- _TASK PROMPT_
Could you set down the records below exactly as they are, with no pictures?

Data records
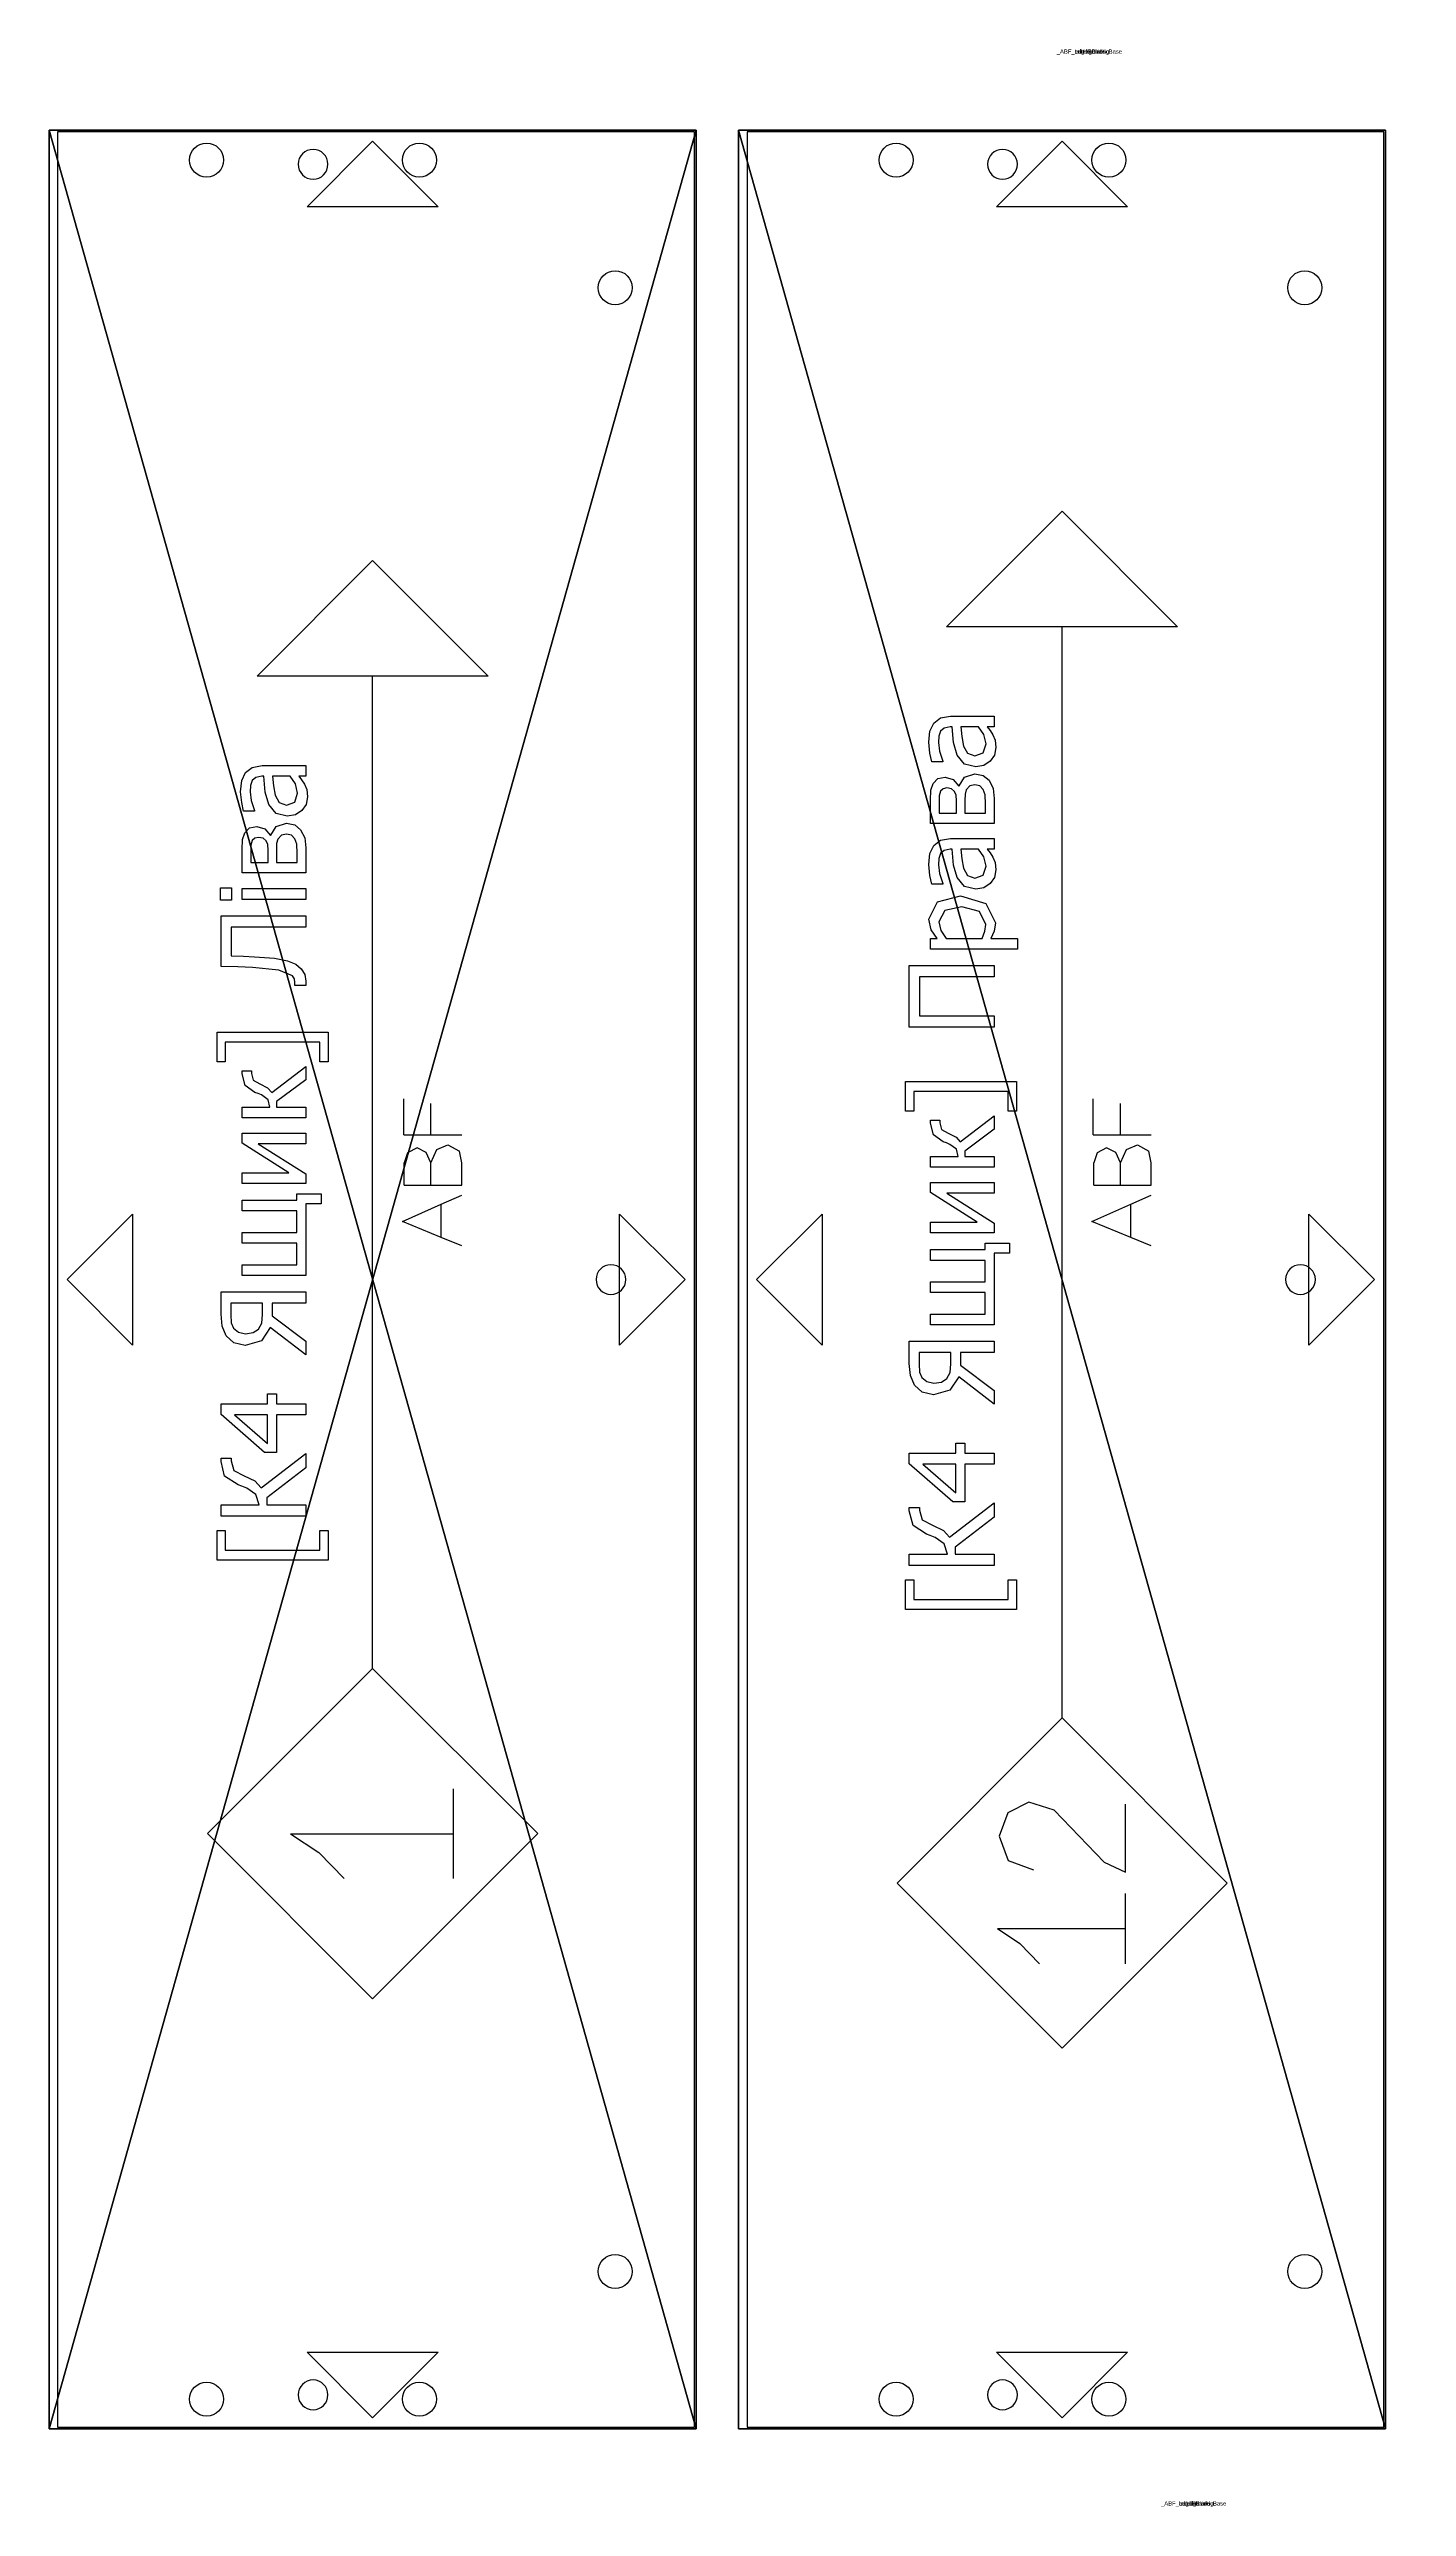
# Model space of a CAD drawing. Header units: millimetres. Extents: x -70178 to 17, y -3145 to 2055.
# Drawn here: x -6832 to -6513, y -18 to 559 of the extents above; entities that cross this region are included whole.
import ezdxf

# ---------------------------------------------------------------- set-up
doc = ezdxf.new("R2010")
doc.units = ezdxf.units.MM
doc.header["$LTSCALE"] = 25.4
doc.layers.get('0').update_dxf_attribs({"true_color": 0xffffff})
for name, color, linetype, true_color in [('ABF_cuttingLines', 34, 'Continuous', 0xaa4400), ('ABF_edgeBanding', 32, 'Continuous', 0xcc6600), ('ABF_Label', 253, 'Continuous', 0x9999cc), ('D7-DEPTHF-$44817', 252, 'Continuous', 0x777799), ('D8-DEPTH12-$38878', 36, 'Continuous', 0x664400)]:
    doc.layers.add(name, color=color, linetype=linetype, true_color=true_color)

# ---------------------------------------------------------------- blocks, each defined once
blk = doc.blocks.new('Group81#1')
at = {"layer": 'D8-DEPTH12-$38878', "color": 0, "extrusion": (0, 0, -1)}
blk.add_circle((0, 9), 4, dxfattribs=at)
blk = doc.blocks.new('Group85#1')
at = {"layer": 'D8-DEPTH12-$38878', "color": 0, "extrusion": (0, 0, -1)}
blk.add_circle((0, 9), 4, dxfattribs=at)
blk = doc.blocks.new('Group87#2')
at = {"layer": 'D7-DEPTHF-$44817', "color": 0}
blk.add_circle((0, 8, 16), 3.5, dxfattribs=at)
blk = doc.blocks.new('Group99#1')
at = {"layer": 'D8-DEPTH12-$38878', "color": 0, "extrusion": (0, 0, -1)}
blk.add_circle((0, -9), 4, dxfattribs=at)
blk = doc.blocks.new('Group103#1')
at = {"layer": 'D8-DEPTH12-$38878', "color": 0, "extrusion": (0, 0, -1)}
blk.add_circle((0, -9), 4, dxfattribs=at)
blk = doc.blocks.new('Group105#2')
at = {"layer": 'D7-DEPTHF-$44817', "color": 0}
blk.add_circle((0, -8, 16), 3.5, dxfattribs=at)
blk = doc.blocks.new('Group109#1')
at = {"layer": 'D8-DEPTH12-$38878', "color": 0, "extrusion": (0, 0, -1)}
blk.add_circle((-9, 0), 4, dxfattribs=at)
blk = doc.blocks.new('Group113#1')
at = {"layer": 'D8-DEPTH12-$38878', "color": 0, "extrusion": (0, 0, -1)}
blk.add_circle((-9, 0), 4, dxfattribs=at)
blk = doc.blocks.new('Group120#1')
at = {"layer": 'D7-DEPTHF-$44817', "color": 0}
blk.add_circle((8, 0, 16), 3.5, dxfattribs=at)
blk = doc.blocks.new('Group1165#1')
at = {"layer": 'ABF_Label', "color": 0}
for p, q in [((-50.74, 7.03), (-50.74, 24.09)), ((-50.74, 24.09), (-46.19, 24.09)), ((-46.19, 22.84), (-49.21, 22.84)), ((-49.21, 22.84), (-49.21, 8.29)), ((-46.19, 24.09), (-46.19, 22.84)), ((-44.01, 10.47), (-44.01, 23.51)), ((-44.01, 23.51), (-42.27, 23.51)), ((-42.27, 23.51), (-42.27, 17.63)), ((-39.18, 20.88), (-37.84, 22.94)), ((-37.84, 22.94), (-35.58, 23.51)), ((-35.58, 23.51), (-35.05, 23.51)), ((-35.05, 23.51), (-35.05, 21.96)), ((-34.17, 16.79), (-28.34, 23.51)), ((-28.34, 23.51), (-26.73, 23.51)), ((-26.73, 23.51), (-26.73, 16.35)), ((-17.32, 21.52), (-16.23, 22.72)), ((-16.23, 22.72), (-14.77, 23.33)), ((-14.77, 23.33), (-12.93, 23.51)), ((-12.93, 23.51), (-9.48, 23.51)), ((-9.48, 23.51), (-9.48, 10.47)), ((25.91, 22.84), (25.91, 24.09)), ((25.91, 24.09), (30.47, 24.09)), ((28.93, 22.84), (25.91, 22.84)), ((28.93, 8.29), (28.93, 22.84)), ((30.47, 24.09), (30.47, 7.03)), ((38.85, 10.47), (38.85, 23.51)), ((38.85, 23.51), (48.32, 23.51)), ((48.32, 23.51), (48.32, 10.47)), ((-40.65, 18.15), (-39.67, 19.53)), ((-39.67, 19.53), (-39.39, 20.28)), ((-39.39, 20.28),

- _PROBLEM SOLUTION_
# Model space of a CAD drawing. Header units: millimetres. Extents: x -70178 to 17, y -3145 to 2055.
# Drawn here: x -6832 to -6513, y -18 to 559 of the extents above; entities that cross this region are included whole.
import ezdxf

# ---------------------------------------------------------------- set-up
doc = ezdxf.new("R2010")
doc.units = ezdxf.units.MM
doc.header["$LTSCALE"] = 25.4
doc.layers.get('0').update_dxf_attribs({"true_color": 0xffffff})
for name, color, linetype, true_color in [('ABF_cuttingLines', 34, 'Continuous', 0xaa4400), ('ABF_edgeBanding', 32, 'Continuous', 0xcc6600), ('ABF_Label', 253, 'Continuous', 0x9999cc), ('D7-DEPTHF-$44817', 252, 'Continuous', 0x777799), ('D8-DEPTH12-$38878', 36, 'Continuous', 0x664400)]:
    doc.layers.add(name, color=color, linetype=linetype, true_color=true_color)

# ---------------------------------------------------------------- blocks, each defined once
blk = doc.blocks.new('Group81#1')
at = {"layer": 'D8-DEPTH12-$38878', "color": 0, "extrusion": (0, 0, -1)}
blk.add_circle((0, 9), 4, dxfattribs=at)
blk = doc.blocks.new('Group85#1')
at = {"layer": 'D8-DEPTH12-$38878', "color": 0, "extrusion": (0, 0, -1)}
blk.add_circle((0, 9), 4, dxfattribs=at)
blk = doc.blocks.new('Group87#2')
at = {"layer": 'D7-DEPTHF-$44817', "color": 0}
blk.add_circle((0, 8, 16), 3.5, dxfattribs=at)
blk = doc.blocks.new('Group99#1')
at = {"layer": 'D8-DEPTH12-$38878', "color": 0, "extrusion": (0, 0, -1)}
blk.add_circle((0, -9), 4, dxfattribs=at)
blk = doc.blocks.new('Group103#1')
at = {"layer": 'D8-DEPTH12-$38878', "color": 0, "extrusion": (0, 0, -1)}
blk.add_circle((0, -9), 4, dxfattribs=at)
blk = doc.blocks.new('Group105#2')
at = {"layer": 'D7-DEPTHF-$44817', "color": 0}
blk.add_circle((0, -8, 16), 3.5, dxfattribs=at)
blk = doc.blocks.new('Group109#1')
at = {"layer": 'D8-DEPTH12-$38878', "color": 0, "extrusion": (0, 0, -1)}
blk.add_circle((-9, 0), 4, dxfattribs=at)
blk = doc.blocks.new('Group113#1')
at = {"layer": 'D8-DEPTH12-$38878', "color": 0, "extrusion": (0, 0, -1)}
blk.add_circle((-9, 0), 4, dxfattribs=at)
blk = doc.blocks.new('Group120#1')
at = {"layer": 'D7-DEPTHF-$44817', "color": 0}
blk.add_circle((8, 0, 16), 3.5, dxfattribs=at)
blk = doc.blocks.new('Group1165#1')
at = {"layer": 'ABF_Label', "color": 0}
for p, q in [((-50.74, 7.03), (-50.74, 24.09)), ((-50.74, 24.09), (-46.19, 24.09)), ((-46.19, 22.84), (-49.21, 22.84)), ((-49.21, 22.84), (-49.21, 8.29)), ((-46.19, 24.09), (-46.19, 22.84)), ((-44.01, 10.47), (-44.01, 23.51)), ((-44.01, 23.51), (-42.27, 23.51)), ((-42.27, 23.51), (-42.27, 17.63)), ((-39.18, 20.88), (-37.84, 22.94)), ((-37.84, 22.94), (-35.58, 23.51)), ((-35.58, 23.51), (-35.05, 23.51)), ((-35.05, 23.51), (-35.05, 21.96)), ((-34.17, 16.79), (-28.34, 23.51)), ((-28.34, 23.51), (-26.73, 23.51)), ((-26.73, 23.51), (-26.73, 16.35)), ((-17.32, 21.52), (-16.23, 22.72)), ((-16.23, 22.72), (-14.77, 23.33)), ((-14.77, 23.33), (-12.93, 23.51)), ((-12.93, 23.51), (-9.48, 23.51)), ((-9.48, 23.51), (-9.48, 10.47)), ((25.91, 22.84), (25.91, 24.09)), ((25.91, 24.09), (30.47, 24.09)), ((28.93, 22.84), (25.91, 22.84)), ((28.93, 8.29), (28.93, 22.84)), ((30.47, 24.09), (30.47, 7.03)), ((38.85, 10.47), (38.85, 23.51)), ((38.85, 23.51), (48.32, 23.51)), ((48.32, 23.51), (48.32, 10.47)), ((-40.65, 18.15), (-39.67, 19.53)), ((-39.67, 19.53), (-39.39, 20.28)), ((-39.39, 20.28),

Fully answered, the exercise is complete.